▶ **Work order**:
Output the run of lines that opens with the first line of the material below and closes with the line containing "line L3 (30, 10) -> (-30, 10)", both included, and drop the pictures.

▶ **Exercise data**:
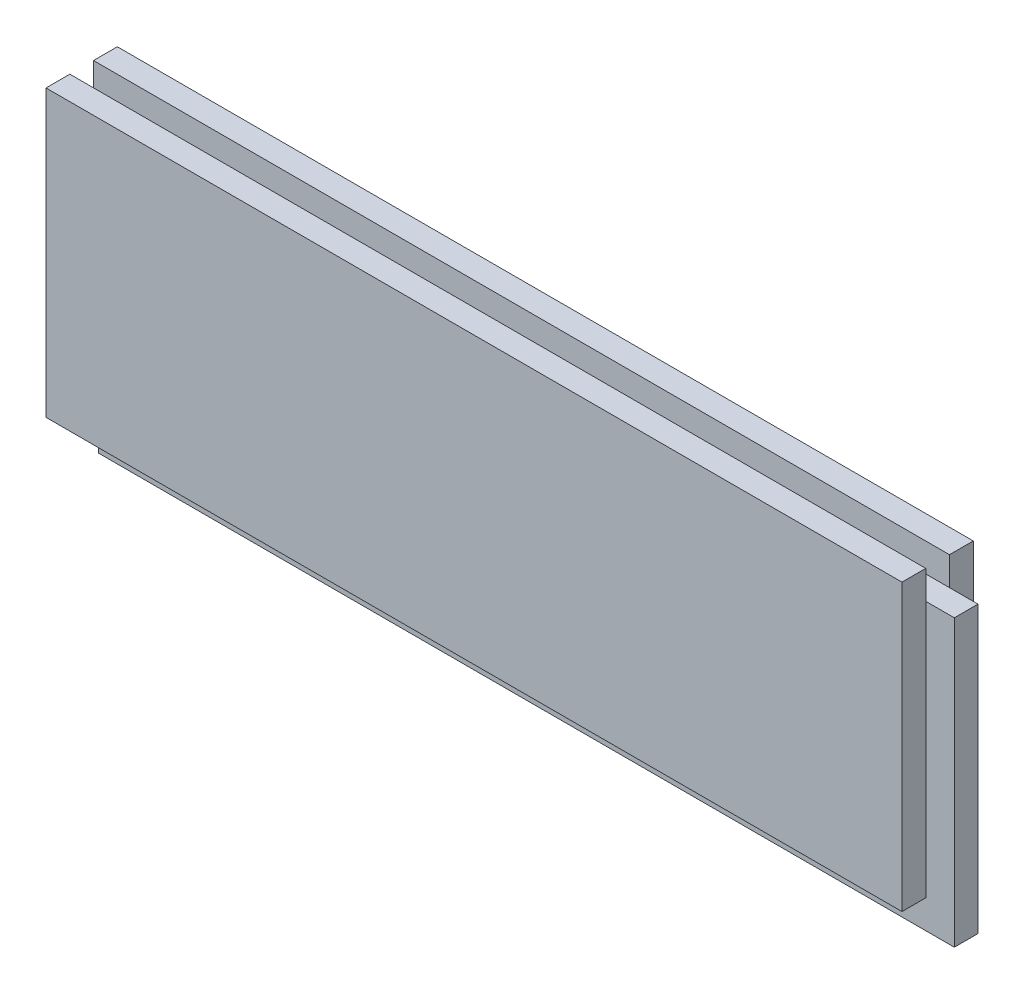
SolidWorks part; units mm, degrees
ref_plane "Front Plane" through (0, 0, 0) normal (0, 0, 1) x (1, 0, 0)
ref_plane "Top Plane" through (0, 0, 0) normal (0, 1, 0) x (1, 0, 0)
ref_plane "Right Plane" through (0, 0, 0) normal (1, 0, 0) x (0, 0, -1)
sketch "Sketch1" plane through (0, 0, 0) normal (0, 0, 1) x (1, 0, 0)
  line L1 (30, -10) -> (-30, -10)
  line L2 (30, -10) -> (30, 10)
  line L3 (30, 10) -> (-30, 10)
  line L4 (-30, -10) -> (-30, 10)
  line L5 (30, -10) -> (-30, 10) construction
  line L6 (30, 10) -> (-30, -10) construction
  point P0 (0, 0)
  dimension "D1" = 20
  dimension "D2" = 60
extrude "Boss-Extrude1" add sketch "Sketch1" along normal mid plane 5
sketch "Sketch2" plane through (0, 10, 0) normal (0, 1, 0) x (1, 0, 0)
  line L0 (-30, -2.5) -> (-30, 2.5) construction
  line L1 (-30, 0.83) -> (30, 0.83)
  line L2 (-30, 0.83) -> (-30, -0.83)
  line L3 (-30, -0.83) -> (30, -0.83)
  line L4 (30, 0.83) -> (30, -0.83)
  line L5 (30, -2.5) -> (30, 2.5) construction
  line L6 (0, 0.83) -> (0, -0.83) construction
  point P11 (0, 0)
  point P12 (0, 0)
  dimension "D1" = 1.66
extrude "Cut-Extrude1" cut sketch "Sketch2" against normal blind 2
sketch "Sketch3" plane through (-30, 0, 0) normal (-1, 0, 0) x (0, 0, 1)
  line L0 (2.5, -10) -> (-2.5, -10) construction
  line L1 (-0.83, 8) -> (0.83, 8)
  line L2 (-0.83, 8) -> (-0.83, -10)
  line L3 (-0.83, -10) -> (0.83, -10)
  line L4 (0.83, 8) -> (0.83, -10)
  line L5 (0.83, 8) -> (0.83, 10) construction
extrude "Cut-Extrude2" cut sketch "Sketch3" against normal blind 2
sketch "Sketch4" plane through (0, -10, 0) normal (0, -1, 0) x (1, 0, 0)
  line L0 (30, 2.5) -> (30, -2.5) construction
  line L1 (-28, 0.83) -> (30, 0.83)
  line L2 (-28, 0.83) -> (-28, -0.83)
  line L3 (-28, -0.83) -> (30, -0.83)
  line L4 (30, 0.83) -> (30, -0.83)
  line L5 (-28, -0.83) -> (-30, -0.83) construction
extrude "Boss-Extrude2" add sketch "Sketch4" along normal blind 2
sketch "Sketch5" plane through (30, 0, 0) normal (1, 0, 0) x (0, 0, -1)
  line L1 (-0.83, -12) -> (0.83, -12)
  line L2 (-0.83, -12) -> (-0.83, 8)
  line L3 (-0.83, 8) -> (0.83, 8)
  line L4 (0.83, -12) -> (0.83, 8)
extrude "Boss-Extrude3" add sketch "Sketch5" along normal blind 2
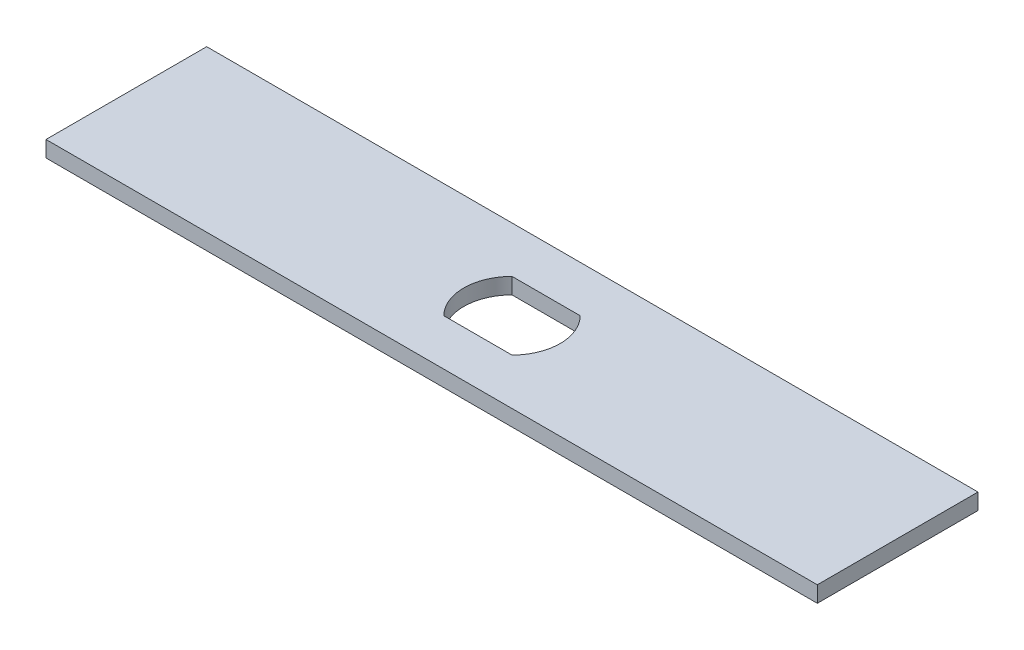
SolidWorks part; units mm, degrees
ref_plane "Front Plane" through (0, 0, 0) normal (0, 0, 1) x (1, 0, 0)
ref_plane "Top Plane" through (0, 0, 0) normal (0, 1, 0) x (1, 0, 0)
ref_plane "Right Plane" through (0, 0, 0) normal (1, 0, 0) x (0, 0, -1)
sketch "Sketch1" plane through (0, 0, 0) normal (0, 1, 0) x (1, 0, 0)
  line L1 (0, 0) -> (304.8, 0)
  line L2 (0, 0) -> (0, 63.5)
  line L3 (0, 63.5) -> (304.8, 63.5)
  line L4 (304.8, 0) -> (304.8, 63.5)
  line L5 (165.8704, 45.2204) -> (138.9296, 45.2204)
  line L6 (165.8704, 18.2796) -> (138.9296, 18.2796)
  circle A0 centre (152.4, 31.75) radius 19.05
  arc A1 (171.45, 31.75) -> (165.8704, 45.2204) centre (152.4, 31.75) ccw
  arc A2 (133.35, 31.75) -> (138.9296, 45.2204) centre (152.4, 31.75) cw
  arc A3 (171.45, 31.75) -> (165.8704, 18.2796) centre (152.4, 31.75) cw
  dimension "D1" = 304.8
  dimension "D2" = 63.5
extrude "Boss-Extrude1" add sketch "Sketch1" along normal blind 6.35 contours L1 L4 L3 L2 A0 | L5 A0 | L6 A0
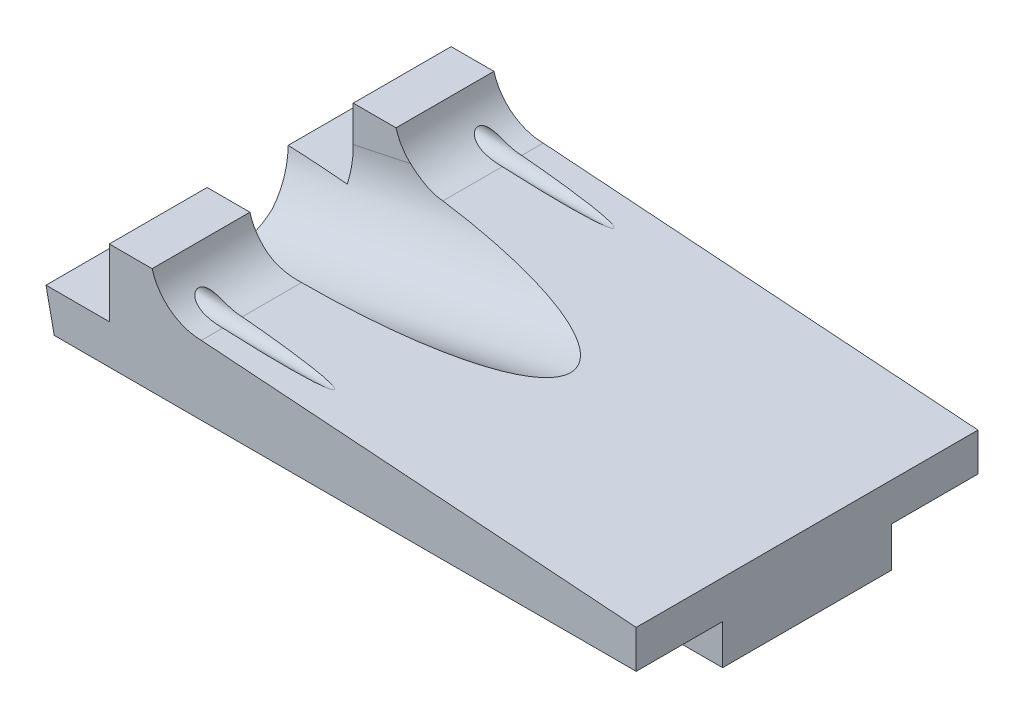
SolidWorks part; units mm, degrees
ref_plane "Front Plane" through (0, 0, 0) normal (0, 0, 1) x (1, 0, 0)
ref_plane "Top Plane" through (0, 0, 0) normal (0, 1, 0) x (1, 0, 0)
ref_plane "Right Plane" through (0, 0, 0) normal (1, 0, 0) x (0, 0, -1)
sketch "Sketch1" plane through (0, 0, 0) normal (0, 1, 0) x (1, 0, 0)
  line L1 (0, 0) -> (91.6, 0)
  line L2 (0, 0) -> (0, 26.6)
  line L3 (0, 26.6) -> (91.6, 26.6)
  line L4 (91.6, 0) -> (91.6, 26.6)
  dimension "D1" = 91.6
  dimension "D2" = 26.6
extrude "Boss-Extrude1" add sketch "Sketch1" along normal blind 6.3
sketch "Sketch2" plane through (0, 6.3, 0) normal (0, 1, 0) x (1, 0, 0)
  line L0 (0, 0) -> (91.6, 0) construction
  line L1 (0, 40.2) -> (91.6, 40.2)
  line L2 (0, 40.2) -> (0, -13.6)
  line L3 (0, -13.6) -> (91.6, -13.6)
  line L4 (91.6, 40.2) -> (91.6, -13.6)
  dimension "D1" = 53.8
  dimension "D2" = 13.6
  dimension "D3" = 91.6
  dimension "D4" = 13.6
extrude "Boss-Extrude2" add sketch "Sketch2" along normal blind 6
sketch "Sketch3" plane through (0, 0, 13.6) normal (0, 0, 1) x (1, 0, 0)
  line L0 (91.6, 12.3) -> (23.1556, 17.1956)
  line L3 (0, 12.3) -> (91.6, 12.3)
  line L4 (0, 6.3) -> (-4, 25.4)
  line L5 (-4, 25.4) -> (15.1, 25.4)
  line L6 (0, 0) -> (91.6, 0) construction
  line L7 (0, 12.3) -> (0, 6.3)
  arc A0 (15.1, 25.4) -> (23.1556, 17.1956) centre (23.1993, 25.2954) ccw
  dimension "D5" = 4.8956
  dimension "D1" = 8.1
  dimension "D2" = 68.4444
  dimension "D3" = 25.4
  dimension "D4" = 4
  dimension "D6" = 19.9905
extrude "Boss-Extrude3" add sketch "Sketch3" against normal up to surface (53.8 mm away) up to face at (45.8, 9.3, -40.2)
sketch "Sketch5" plane through (1.2639, 0.2647, 0) normal (-0.9788, -0.205, 0) x (0, 0, 1)
  line L0 (-26.6, 0) -> (0, 0) construction
  line L1 (-40.2, 6.1662) -> (-40.2, 25.6806) construction
  circle A0 centre (-13.3, 15) radius 11.5
  dimension "D1" = 23
  dimension "D2" = 15
  dimension "D3" = 26.9
extrude "Cut-Extrude1" cut sketch "Sketch5" against normal mid plane 113
sketch "Sketch6" plane through (1.2639, 0.2647, 0) normal (-0.9788, -0.205, 0) x (0, 0, 1)
  line L0 (-9.0368, 25.6806) -> (13.6, 25.6806) construction
  line L1 (-24.7956, 14.6806) -> (-1.7956, 14.6806)
  line L2 (-24.7956, 14.6806) -> (-24.7956, 25.6806)
  line L3 (-24.7956, 25.6806) -> (-1.7956, 25.6806)
  line L4 (-1.7956, 14.6806) -> (-1.7956, 25.6806)
  arc A0 (-17.5632, 25.6806) -> (-20.6631, 6.1662) centre (-13.3, 15) ccw construction
  dimension "D1" = 23
  dimension "D2" = 11
extrude "Cut-Extrude2" cut sketch "Sketch6" against normal mid plane 80
sketch "Sketch8" plane through (0, 0, 0) normal (0, -1, 0) x (1, 0, 0)
  line L0 (91.6, 0) -> (91.6, -26.6) construction
  line L1 (0, -26.6) -> (0, 0) construction
  circle A0 centre (15.8, -4.3) radius 1.6
  circle A1 centre (85.8, -4.3) radius 1.6
  circle A2 centre (85.8, -22.3) radius 1.6
  circle A3 centre (15.8, -22.3) radius 1.6
  point P12 (0, -13.3)
  point P13 (91.6, -13.3)
  dimension "D1" = 3.2
  dimension "D2" = 3.2
  dimension "D3" = 3.2
  dimension "D4" = 3.2
  dimension "D5" = 18
  dimension "D6" = 18
  dimension "D7" = 5.8
  dimension "D8" = 70
  dimension "D9" = 9
  dimension "D10" = 9
  dimension "D11" = 9
  dimension "D12" = 9
extrude "Cut-Extrude3" cut sketch "Sketch8" against normal blind 6
cosmetic thread "Cosmetic Thread1" parameters "D1"=6, "D2"=4
cosmetic thread "Cosmetic Thread2" parameters "D1"=6, "D2"=4
cosmetic thread "Cosmetic Thread3" parameters "D1"=6, "D2"=4
cosmetic thread "Cosmetic Thread4" parameters "D1"=6, "D2"=4
sketch "Sketch9" plane through (0, 0, 13.6) normal (0, 0, 1) x (1, 0, 0)
  line L3 (-1.2984, 12.5) -> (6.3667, 12.5)
  line L4 (6.3667, 23.1) -> (6.3667, 12.5)
  line L5 (-4, 25.4) -> (0, 6.3)
  line L6 (0, 6.3) -> (91.6, 6.3)
  line L7 (91.6, 6.3) -> (91.6, 12.3)
  line L8 (91.6, 12.3) -> (23.1556, 17.1956)
  line L9 (15.1, 25.4) -> (-4, 25.4)
  line L10 (-4, 25.4) -> (-1.2984, 12.5)
  line L14 (15.1, 25.4) -> (-4, 25.4)
  line L16 (6.3667, 23.1) -> (15.4025, 23.1)
  arc A1 (15.1, 25.4) -> (23.1556, 17.1956) centre (23.1993, 25.2954) ccw
  arc A2 (15.1, 25.4) -> (15.4025, 23.1) centre (23.1993, 25.2954) ccw
  dimension "D3" = 2.3
  dimension "D4" = 10.3667
  dimension "D1" = 0
extrude "Cut-Extrude4" cut sketch "Sketch9" against normal up to surface (53.8 mm away) up to face at (35.9579, 15.203, -40.2)
sketch "Sketch10" plane through (6.3667, 0, 0) normal (-1, 0, 0) x (0, 0, 1)
  line L1 (13.6, 12.5) -> (-40.2, 12.5)
  line L2 (13.6, 12.5) -> (13.6, 23.1)
  line L3 (13.6, 23.1) -> (-40.2, 23.1)
  line L4 (-40.2, 12.5) -> (-40.2, 23.1)
extrude "Cut-Extrude5" cut sketch "Sketch10" against normal blind 2.3
sketch "Sketch11" plane through (8.6667, 0, 0) normal (-1, 0, 0) x (0, 0, 1)
  line L0 (13.6, 23.1) -> (-1.7956, 23.1) construction
  line L1 (-24.7956, 23.1) -> (-40.2, 23.1) construction
  line L2 (13.6, 12.5) -> (13.6, 23.1) construction
  circle A0 centre (-35.3, 17.65) radius 1.6
  circle A1 centre (8.7, 17.65) radius 1.6
  dimension "D1" = 3.2
  dimension "D2" = 3.2
  dimension "D3" = 44
  dimension "D4" = 5.45
  dimension "D5" = 5.45
  dimension "D6" = 4.9
extrude "Cut-Extrude6" cut sketch "Sketch11" against normal up to surface (82.9343 mm away)

▶ **Task answer**:
SolidWorks part; units mm, degrees
ref_plane "Front Plane" through (0, 0, 0) normal (0, 0, 1) x (1, 0, 0)
ref_plane "Top Plane" through (0, 0, 0) normal (0, 1, 0) x (1, 0, 0)
ref_plane "Right Plane" through (0, 0, 0) normal (1, 0, 0) x (0, 0, -1)
sketch "Sketch1" plane through (0, 0, 0) normal (0, 0, 1) x (1, 0, 0)
  line L1 (30, -10) -> (-30, -10)
  line L2 (30, -10) -> (30, 10)
  line L3 (30, 10) -> (-30, 10)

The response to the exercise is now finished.